● EXERCISE GOAL
Only the lines below from the one containing "#67=AXIS2_PLACEMENT_3D('',#64,#65,#66);" to the one containing "#89=CARTESIAN_POINT('',(0.,-5.,0.));" should be repeated, both included and unchanged.
(INPUT MATERIAL begins)
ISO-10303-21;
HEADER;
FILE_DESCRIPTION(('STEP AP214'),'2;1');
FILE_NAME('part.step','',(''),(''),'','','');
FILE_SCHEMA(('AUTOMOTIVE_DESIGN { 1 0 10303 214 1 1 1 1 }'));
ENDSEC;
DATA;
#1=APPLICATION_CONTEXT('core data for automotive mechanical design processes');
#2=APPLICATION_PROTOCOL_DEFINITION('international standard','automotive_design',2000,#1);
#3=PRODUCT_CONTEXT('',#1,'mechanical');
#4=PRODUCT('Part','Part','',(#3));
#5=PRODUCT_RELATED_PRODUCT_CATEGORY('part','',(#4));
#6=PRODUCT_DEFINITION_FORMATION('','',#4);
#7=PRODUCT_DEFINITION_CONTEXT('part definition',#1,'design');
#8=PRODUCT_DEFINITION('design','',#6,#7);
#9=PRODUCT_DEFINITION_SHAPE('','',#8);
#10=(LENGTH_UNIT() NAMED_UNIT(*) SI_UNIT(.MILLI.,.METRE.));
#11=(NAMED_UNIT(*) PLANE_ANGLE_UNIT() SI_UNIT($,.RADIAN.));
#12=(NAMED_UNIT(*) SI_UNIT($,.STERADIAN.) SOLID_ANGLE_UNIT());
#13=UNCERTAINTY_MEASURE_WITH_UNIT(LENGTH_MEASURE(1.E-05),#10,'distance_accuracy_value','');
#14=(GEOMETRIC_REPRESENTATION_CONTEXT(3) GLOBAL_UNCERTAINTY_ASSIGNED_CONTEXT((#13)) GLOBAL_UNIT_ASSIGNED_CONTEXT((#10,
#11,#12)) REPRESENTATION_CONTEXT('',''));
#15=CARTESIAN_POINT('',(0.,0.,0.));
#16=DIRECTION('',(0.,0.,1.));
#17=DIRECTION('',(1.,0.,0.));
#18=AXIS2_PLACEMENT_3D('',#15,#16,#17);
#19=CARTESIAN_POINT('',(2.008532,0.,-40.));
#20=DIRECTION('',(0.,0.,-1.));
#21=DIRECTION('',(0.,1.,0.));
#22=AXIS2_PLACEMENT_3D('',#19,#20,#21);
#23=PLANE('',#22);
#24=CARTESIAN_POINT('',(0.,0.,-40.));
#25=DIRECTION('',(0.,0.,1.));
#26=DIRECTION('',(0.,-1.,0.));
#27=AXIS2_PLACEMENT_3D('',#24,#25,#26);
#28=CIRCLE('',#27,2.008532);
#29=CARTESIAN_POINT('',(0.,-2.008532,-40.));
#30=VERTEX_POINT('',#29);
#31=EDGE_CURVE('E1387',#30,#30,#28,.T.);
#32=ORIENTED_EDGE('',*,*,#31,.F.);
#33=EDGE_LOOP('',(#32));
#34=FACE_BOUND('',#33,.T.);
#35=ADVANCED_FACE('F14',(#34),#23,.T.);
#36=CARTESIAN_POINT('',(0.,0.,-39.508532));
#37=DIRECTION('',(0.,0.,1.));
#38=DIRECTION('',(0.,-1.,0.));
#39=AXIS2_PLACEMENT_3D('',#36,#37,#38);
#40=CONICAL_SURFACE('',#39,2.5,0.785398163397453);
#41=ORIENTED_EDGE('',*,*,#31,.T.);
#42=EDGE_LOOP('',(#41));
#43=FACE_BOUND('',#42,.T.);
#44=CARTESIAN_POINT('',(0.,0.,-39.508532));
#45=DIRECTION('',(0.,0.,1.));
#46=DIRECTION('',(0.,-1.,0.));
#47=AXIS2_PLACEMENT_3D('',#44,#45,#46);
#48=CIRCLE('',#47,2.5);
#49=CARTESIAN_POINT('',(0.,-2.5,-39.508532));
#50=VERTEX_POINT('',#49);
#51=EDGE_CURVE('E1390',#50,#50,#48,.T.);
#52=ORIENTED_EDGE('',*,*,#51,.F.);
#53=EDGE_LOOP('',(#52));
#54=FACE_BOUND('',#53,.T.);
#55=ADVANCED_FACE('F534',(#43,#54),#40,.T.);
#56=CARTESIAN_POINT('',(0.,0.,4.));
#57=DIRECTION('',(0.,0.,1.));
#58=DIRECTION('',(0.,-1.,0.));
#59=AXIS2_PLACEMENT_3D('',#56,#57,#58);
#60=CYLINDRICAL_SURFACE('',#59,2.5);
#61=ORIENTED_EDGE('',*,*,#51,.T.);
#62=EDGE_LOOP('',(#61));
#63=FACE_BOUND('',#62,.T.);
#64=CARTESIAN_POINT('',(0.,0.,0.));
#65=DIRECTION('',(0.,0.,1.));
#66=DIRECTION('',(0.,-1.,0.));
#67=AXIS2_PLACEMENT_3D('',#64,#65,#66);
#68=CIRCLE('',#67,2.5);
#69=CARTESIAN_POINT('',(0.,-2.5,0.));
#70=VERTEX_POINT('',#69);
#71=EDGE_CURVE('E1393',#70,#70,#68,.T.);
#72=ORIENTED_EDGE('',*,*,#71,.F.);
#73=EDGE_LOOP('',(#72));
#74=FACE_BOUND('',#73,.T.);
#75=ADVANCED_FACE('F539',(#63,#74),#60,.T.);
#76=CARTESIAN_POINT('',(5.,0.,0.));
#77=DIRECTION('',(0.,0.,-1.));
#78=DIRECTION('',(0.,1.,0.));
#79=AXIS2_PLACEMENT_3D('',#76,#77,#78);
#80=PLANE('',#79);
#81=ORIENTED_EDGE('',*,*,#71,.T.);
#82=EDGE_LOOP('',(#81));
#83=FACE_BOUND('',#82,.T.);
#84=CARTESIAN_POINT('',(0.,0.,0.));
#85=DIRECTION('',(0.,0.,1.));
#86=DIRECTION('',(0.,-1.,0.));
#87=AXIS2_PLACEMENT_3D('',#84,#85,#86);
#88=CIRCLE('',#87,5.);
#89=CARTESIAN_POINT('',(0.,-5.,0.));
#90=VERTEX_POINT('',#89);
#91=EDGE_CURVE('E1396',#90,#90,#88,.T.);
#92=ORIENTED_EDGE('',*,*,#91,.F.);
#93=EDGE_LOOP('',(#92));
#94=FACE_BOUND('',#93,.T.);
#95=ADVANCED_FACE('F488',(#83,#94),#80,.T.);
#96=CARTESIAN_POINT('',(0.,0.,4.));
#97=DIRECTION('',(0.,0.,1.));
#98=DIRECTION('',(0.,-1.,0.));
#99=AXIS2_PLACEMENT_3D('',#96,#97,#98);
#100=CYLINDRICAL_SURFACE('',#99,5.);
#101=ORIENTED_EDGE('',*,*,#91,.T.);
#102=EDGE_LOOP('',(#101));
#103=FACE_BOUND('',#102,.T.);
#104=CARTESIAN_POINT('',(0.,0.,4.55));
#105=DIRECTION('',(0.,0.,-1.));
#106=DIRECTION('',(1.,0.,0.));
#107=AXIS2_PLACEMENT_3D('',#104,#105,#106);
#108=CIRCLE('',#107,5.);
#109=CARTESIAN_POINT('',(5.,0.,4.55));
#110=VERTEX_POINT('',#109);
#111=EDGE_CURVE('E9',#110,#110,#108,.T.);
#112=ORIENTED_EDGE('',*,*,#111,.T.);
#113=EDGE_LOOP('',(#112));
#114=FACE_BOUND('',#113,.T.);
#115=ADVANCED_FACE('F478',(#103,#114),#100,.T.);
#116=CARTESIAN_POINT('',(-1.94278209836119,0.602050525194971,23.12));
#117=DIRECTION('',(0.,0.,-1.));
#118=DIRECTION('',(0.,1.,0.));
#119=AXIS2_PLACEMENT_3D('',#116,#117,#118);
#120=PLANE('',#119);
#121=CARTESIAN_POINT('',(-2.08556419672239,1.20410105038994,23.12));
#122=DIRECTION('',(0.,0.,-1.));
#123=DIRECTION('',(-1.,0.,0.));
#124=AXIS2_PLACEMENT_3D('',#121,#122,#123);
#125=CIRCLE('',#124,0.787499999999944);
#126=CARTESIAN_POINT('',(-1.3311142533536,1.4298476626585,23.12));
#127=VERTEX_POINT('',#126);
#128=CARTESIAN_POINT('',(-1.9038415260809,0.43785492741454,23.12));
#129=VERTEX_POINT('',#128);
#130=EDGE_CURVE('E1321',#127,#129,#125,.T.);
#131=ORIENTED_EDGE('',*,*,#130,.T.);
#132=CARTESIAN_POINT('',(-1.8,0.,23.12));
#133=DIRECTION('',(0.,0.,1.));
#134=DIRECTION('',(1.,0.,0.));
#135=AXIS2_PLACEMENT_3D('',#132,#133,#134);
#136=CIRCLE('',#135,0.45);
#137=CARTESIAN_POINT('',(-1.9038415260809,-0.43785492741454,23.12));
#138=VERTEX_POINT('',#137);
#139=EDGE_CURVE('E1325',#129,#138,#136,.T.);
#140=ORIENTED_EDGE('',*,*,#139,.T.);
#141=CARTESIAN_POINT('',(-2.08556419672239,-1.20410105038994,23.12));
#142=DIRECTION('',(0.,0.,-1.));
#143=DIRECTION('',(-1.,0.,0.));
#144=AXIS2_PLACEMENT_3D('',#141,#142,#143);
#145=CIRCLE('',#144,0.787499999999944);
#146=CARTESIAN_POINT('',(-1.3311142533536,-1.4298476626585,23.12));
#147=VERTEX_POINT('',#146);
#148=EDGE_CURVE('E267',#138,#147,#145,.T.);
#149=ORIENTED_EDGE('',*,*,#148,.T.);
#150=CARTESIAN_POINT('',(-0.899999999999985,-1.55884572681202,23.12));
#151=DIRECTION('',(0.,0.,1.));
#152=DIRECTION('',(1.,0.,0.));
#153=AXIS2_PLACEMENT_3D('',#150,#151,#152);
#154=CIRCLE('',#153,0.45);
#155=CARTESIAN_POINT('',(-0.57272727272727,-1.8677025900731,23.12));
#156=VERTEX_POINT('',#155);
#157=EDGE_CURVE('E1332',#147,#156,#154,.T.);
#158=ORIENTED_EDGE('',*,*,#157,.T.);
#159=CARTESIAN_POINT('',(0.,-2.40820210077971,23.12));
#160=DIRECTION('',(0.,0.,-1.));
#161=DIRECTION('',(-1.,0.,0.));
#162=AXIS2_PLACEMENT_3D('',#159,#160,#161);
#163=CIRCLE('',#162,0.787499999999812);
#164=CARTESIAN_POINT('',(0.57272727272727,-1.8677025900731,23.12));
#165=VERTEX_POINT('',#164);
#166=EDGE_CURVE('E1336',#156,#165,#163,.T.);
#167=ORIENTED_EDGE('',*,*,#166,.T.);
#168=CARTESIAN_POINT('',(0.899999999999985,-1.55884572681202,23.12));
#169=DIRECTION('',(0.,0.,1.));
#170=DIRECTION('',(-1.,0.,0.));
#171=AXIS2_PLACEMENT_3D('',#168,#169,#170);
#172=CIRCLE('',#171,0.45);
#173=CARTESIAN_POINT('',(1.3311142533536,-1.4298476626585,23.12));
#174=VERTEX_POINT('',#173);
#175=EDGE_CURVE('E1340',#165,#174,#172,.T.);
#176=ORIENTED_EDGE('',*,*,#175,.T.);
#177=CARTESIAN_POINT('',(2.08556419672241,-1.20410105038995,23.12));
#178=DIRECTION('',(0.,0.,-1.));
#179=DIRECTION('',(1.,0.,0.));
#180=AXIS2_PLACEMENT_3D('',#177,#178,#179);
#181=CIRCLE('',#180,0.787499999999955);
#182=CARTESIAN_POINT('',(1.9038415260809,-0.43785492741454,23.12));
(INPUT MATERIAL ends)
● EXERCISE OUTPUT
#67=AXIS2_PLACEMENT_3D('',#64,#65,#66);
#68=CIRCLE('',#67,2.5);
#69=CARTESIAN_POINT('',(0.,-2.5,0.));
#70=VERTEX_POINT('',#69);
#71=EDGE_CURVE('E1393',#70,#70,#68,.T.);
#72=ORIENTED_EDGE('',*,*,#71,.F.);
#73=EDGE_LOOP('',(#72));
#74=FACE_BOUND('',#73,.T.);
#75=ADVANCED_FACE('F539',(#63,#74),#60,.T.);
#76=CARTESIAN_POINT('',(5.,0.,0.));
#77=DIRECTION('',(0.,0.,-1.));
#78=DIRECTION('',(0.,1.,0.));
#79=AXIS2_PLACEMENT_3D('',#76,#77,#78);
#80=PLANE('',#79);
#81=ORIENTED_EDGE('',*,*,#71,.T.);
#82=EDGE_LOOP('',(#81));
#83=FACE_BOUND('',#82,.T.);
#84=CARTESIAN_POINT('',(0.,0.,0.));
#85=DIRECTION('',(0.,0.,1.));
#86=DIRECTION('',(0.,-1.,0.));
#87=AXIS2_PLACEMENT_3D('',#84,#85,#86);
#88=CIRCLE('',#87,5.);
#89=CARTESIAN_POINT('',(0.,-5.,0.));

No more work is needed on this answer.